Vaccines During Breastfeeding

CQ #127 – January 15, 2019
by Anne Eglash MD, IBCLC, FABM
#LACTFACT
The only vaccine with a strict contraindication during lactation is smallpox.
The National Library of Medicine Lactmed Database, search ‘vaccines’

What are vaccine recommendations for breastfeeding mothers?

The National Library of Medicine’s Lactmed database for medications during breastfeeding has comprehensive information on vaccines during lactation, whether they are routine vaccines or special for travel. Each vaccine should be searched separately in the database. Some vaccines are live attenuated (weakened), and others are not live. Nearly all vaccines, including the live attenuated vaccines, are safe during lactation, and appropriate vaccination should not be delayed. For example, MMR and chickenpox vaccines are live attenuated, but if the breastfeeding mother is not immune to these diseases, it is much safer for her to receive the vaccines during lactation, than to wait and take the risk of contracting these illnesses. Contracting these illnesses puts her infant at very high risk of morbidity and even mortality.

The smallpox vaccine is the only one that is contraindicated during lactation. Anyone who receives the smallpox vaccine should not handle an infant for 3-4 weeks, until the vaccination scab has healed.

What do you think are accurate statements, according to Lactmed, regarding vaccines during lactation? Choose one or more:
  1. The yellow fever vaccine should be used with caution in breastfeeding mothers because cases of yellow fever infection in nursing infants have been documented after maternal immunization.
  2. Breastfeeding reduces infant side effects from vaccines.
  3. Breastfeeding women should wait until after weaning to receive a MMR booster.
  4. A mother should not breastfeed her infant within 1 hour after the infant receives the oral rotavirus vaccine, to prevent breastmilk from destroying the rotavirus bacteria in the infant gut.
  5. Breastmilk antibodies to influenza are higher if the breastfeeding mother receives the flu shot rather than the nasal flumist.
  6. Breastfed infants as compared to formula fed infants appear to develop stronger immunity to some vaccines.
  7. If a breastfeeding mother receives the smallpox vaccine she will need to pump and dump her milk until the vaccine site has healed.
  8. Breastfeeding mothers may receive the oral typhoid vaccine but they need to pump and dump for 2 weeks after the vaccine.

See the Answer

Correct Answers: A, B, E, F, G
The National Library of Medicine Lactmed Database, search ‘vaccines’
The National Library of Medicine’s LactMed

See the link for the entire article.

IABLE Comment by Anne Eglash MD, IBCLC, FABM

There has not been a recent literature review of vaccines during lactation that includes vaccines not typically given routinely in the USA, such as those for travel. The Center for Disease Control has a phone app and a website on routine vaccines, but does not include a ‘special travel need’ category for breastfeeding like they do for pregnancy and other conditions. Lactmed thru the National Library of Medicine has more up to date information on vaccines during lactation.

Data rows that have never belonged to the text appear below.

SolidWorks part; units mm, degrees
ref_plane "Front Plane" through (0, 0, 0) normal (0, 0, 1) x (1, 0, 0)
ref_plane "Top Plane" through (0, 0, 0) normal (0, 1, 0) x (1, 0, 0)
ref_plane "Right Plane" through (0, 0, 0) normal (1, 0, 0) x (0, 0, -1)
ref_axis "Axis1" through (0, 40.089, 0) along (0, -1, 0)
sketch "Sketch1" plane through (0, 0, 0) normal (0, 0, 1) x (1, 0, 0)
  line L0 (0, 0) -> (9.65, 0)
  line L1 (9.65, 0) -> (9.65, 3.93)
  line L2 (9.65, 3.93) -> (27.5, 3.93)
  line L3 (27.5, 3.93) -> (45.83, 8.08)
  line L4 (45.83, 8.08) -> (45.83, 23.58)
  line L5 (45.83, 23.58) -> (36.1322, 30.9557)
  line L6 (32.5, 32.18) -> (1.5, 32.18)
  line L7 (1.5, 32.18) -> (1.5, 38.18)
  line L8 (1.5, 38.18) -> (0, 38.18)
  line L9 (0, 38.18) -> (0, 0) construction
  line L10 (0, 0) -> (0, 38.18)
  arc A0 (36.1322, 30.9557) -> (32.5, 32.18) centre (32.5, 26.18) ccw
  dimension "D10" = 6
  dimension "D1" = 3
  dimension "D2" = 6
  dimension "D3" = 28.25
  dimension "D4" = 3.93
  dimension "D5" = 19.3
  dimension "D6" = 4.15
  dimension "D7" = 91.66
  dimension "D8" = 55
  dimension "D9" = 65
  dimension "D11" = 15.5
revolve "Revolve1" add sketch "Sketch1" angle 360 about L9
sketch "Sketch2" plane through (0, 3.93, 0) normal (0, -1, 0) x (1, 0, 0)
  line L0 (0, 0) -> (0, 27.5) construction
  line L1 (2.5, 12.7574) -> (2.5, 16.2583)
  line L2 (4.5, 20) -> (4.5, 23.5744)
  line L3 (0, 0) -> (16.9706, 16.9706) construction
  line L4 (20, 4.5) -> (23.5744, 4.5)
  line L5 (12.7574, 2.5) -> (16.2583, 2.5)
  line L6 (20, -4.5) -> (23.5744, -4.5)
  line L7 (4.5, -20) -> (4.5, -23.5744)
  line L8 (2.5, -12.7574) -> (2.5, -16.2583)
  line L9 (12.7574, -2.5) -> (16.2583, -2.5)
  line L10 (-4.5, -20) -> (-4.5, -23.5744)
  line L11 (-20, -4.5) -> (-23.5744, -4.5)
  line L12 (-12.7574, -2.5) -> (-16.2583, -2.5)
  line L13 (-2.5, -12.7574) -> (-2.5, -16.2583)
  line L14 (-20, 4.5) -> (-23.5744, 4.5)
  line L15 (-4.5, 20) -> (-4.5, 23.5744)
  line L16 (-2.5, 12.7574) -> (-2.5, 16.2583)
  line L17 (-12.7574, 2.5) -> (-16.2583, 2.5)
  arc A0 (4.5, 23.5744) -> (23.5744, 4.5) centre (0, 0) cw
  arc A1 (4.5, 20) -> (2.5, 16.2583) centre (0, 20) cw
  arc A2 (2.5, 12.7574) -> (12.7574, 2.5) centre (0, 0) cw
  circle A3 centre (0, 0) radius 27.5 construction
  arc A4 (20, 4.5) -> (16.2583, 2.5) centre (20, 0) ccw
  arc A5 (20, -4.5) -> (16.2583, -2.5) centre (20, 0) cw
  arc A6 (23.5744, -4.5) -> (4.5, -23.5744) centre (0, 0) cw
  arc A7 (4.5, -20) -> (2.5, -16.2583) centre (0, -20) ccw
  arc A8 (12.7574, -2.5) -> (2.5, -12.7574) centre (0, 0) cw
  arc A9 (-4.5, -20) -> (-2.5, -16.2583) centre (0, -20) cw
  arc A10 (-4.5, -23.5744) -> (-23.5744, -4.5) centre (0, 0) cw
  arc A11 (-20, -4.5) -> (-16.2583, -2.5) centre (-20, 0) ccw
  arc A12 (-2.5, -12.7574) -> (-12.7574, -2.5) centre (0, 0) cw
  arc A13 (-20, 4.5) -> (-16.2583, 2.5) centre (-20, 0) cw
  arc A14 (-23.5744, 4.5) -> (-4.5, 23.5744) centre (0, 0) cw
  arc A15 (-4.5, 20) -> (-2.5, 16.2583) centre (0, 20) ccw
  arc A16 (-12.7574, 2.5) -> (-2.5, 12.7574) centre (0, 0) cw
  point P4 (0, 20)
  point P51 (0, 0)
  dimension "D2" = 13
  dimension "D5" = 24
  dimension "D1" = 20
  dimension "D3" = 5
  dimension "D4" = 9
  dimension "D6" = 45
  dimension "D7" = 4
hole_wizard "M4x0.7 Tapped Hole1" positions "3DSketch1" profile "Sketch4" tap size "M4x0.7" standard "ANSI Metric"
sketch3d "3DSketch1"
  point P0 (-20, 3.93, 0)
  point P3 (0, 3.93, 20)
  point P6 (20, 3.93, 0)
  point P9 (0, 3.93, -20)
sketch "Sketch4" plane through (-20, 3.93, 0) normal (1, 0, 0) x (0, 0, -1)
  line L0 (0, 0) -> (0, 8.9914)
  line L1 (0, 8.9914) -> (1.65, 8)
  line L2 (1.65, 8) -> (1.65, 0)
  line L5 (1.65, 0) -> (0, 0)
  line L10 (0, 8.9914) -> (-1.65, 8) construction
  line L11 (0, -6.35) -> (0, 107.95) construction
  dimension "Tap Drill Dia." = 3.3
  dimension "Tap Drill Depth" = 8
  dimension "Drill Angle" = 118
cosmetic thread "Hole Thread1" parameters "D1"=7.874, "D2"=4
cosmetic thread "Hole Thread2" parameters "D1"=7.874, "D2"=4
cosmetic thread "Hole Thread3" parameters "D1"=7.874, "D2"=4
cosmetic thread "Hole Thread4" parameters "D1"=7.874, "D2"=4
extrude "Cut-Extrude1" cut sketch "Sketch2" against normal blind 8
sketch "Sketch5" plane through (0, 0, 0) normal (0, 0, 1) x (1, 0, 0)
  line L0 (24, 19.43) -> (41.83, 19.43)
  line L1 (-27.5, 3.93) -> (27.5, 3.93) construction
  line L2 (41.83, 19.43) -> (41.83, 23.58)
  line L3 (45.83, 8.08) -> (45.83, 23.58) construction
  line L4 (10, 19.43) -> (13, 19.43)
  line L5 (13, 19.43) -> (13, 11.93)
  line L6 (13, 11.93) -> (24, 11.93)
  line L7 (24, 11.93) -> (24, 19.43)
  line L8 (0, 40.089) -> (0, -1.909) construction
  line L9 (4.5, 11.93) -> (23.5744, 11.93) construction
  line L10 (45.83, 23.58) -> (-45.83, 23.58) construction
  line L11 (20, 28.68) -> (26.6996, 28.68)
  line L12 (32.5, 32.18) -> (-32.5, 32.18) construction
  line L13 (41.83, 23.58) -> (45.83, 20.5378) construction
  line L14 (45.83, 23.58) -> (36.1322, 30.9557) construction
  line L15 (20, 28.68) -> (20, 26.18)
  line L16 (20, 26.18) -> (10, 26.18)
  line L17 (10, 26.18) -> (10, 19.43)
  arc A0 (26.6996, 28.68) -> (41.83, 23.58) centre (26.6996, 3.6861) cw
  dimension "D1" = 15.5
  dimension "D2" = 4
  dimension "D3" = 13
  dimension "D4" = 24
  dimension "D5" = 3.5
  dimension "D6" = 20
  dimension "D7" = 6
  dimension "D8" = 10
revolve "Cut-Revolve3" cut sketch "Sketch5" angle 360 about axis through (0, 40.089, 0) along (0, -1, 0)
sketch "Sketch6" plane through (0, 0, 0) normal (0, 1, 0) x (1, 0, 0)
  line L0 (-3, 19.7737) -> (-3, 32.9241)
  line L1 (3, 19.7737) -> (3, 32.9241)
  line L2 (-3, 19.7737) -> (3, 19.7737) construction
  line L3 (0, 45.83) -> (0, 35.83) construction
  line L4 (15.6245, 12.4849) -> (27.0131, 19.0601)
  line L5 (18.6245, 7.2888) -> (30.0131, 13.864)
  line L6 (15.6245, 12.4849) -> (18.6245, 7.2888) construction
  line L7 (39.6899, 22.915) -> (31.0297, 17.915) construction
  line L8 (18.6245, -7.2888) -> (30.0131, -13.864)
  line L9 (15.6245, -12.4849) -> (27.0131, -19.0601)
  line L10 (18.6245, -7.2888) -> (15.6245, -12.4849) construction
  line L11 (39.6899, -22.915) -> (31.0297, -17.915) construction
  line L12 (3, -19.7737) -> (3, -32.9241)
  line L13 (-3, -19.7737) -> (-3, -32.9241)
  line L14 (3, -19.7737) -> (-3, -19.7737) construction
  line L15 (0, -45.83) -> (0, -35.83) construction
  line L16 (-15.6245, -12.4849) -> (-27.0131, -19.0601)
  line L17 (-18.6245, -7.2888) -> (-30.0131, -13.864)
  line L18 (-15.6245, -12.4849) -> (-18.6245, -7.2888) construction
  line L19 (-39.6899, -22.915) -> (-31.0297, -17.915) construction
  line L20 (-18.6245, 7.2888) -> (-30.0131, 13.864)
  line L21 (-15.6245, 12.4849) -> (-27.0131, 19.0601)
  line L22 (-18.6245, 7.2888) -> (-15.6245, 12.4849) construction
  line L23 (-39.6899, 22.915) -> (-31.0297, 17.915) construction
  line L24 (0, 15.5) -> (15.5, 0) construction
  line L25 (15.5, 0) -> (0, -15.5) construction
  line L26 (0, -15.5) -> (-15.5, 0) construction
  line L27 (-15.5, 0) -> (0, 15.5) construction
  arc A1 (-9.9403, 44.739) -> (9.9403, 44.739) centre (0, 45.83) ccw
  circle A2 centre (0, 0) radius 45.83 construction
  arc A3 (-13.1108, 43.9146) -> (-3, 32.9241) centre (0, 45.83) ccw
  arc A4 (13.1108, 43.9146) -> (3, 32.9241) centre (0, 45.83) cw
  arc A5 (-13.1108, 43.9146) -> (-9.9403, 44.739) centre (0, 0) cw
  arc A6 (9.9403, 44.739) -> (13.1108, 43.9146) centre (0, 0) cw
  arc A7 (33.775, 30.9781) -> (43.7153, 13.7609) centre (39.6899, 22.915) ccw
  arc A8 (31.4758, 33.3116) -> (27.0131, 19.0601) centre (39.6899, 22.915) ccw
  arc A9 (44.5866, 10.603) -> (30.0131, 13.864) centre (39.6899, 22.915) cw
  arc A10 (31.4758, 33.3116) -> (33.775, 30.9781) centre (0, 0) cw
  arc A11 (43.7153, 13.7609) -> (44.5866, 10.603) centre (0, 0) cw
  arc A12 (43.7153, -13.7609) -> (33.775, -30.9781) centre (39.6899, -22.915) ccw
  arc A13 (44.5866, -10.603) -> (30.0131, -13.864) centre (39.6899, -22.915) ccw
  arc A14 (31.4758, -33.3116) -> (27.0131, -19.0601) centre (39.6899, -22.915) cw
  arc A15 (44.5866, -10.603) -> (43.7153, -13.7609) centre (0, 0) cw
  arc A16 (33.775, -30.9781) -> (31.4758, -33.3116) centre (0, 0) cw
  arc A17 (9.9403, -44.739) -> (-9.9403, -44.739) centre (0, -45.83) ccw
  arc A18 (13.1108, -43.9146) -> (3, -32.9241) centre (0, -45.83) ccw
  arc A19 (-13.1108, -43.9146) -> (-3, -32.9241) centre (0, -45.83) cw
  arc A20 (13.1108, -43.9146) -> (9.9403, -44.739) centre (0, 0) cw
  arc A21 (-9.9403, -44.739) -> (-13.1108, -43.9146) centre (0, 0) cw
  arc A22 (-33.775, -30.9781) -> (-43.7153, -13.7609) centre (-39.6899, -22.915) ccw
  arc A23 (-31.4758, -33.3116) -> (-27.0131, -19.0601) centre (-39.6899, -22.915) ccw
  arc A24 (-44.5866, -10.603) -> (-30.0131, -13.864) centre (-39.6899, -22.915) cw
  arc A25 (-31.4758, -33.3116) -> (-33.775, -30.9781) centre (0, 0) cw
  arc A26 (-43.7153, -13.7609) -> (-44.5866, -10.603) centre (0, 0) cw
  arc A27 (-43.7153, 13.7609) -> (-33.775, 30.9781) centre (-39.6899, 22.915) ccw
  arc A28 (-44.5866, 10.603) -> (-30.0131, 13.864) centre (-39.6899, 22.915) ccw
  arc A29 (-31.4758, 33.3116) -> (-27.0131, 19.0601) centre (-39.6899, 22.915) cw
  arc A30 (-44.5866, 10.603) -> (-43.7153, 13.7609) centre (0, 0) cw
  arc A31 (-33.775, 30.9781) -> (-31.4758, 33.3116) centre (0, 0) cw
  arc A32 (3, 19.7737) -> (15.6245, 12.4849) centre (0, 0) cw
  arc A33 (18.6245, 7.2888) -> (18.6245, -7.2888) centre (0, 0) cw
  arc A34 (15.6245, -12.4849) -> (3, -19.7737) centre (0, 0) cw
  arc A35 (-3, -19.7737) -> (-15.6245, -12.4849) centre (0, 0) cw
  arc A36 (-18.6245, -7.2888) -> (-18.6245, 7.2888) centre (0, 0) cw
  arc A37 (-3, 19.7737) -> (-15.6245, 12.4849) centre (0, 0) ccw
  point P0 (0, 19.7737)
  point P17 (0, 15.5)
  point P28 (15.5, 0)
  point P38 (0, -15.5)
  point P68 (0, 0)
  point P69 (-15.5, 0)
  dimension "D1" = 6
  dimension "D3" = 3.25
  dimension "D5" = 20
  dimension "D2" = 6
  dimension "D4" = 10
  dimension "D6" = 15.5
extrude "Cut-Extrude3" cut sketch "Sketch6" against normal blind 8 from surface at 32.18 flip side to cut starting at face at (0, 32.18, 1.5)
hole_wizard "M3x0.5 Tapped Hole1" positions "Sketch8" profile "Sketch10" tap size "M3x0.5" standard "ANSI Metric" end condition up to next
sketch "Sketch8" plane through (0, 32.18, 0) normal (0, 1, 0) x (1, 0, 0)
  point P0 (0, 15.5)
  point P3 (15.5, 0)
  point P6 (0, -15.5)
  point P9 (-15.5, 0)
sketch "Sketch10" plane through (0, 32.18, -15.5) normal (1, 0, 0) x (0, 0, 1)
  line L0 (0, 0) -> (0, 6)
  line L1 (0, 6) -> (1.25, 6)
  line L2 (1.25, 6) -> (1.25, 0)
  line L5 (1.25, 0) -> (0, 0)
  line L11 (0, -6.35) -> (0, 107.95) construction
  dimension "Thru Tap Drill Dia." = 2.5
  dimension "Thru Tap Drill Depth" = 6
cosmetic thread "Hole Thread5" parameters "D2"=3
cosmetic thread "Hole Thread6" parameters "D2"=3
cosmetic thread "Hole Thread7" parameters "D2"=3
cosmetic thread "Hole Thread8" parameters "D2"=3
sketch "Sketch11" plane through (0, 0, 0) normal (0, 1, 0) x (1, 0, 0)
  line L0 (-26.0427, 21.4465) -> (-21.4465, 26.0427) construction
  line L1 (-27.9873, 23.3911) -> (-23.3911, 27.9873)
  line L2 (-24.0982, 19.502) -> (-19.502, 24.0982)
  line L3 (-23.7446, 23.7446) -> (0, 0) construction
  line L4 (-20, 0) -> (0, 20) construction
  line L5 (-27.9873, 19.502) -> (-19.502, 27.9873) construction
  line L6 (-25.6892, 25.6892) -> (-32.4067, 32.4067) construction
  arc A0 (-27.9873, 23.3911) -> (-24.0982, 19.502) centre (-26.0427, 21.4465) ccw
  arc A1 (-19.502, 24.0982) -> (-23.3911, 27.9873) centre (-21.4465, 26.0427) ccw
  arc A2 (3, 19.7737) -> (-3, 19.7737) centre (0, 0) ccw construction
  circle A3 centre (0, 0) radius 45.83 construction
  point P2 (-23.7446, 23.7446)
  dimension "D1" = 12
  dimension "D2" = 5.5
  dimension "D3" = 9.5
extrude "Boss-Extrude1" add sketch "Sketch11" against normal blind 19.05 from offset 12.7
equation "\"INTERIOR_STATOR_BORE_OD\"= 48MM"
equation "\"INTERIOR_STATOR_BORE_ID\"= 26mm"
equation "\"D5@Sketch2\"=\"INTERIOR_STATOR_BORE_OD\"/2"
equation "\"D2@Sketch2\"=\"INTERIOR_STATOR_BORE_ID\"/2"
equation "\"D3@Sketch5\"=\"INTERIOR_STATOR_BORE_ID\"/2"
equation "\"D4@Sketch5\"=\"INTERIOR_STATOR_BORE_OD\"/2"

Breastfeeding infants have fewer side effects of vaccinations, such as fever and fussiness, likely because breastmilk has factors that moderate inflammation. In addition, breastfeeding infants appear to demonstrate a stronger immune response to vaccines, as measured by their antibody levels. Breastfeeding immediately after an oral rotavirus vaccine does not reduce the infant’s immune response. Pregnant mothers who receive the tetanus/diphtheria/pertussis vaccine show higher levels of pertussis in their breastmilk, which means that breastfed newborns are less likely to contract whooping cough.

The typhoid vaccine, although live, attenuated, is safe during breastfeeding and mothers do not pass the virus to their breastfeeding infants.

In addition to not holding their infants for 3-4 weeks, mothers who receive the smallpox vaccine need to pump and dump their milk during that time, to avoid the risk of spreading smallpox to their infants.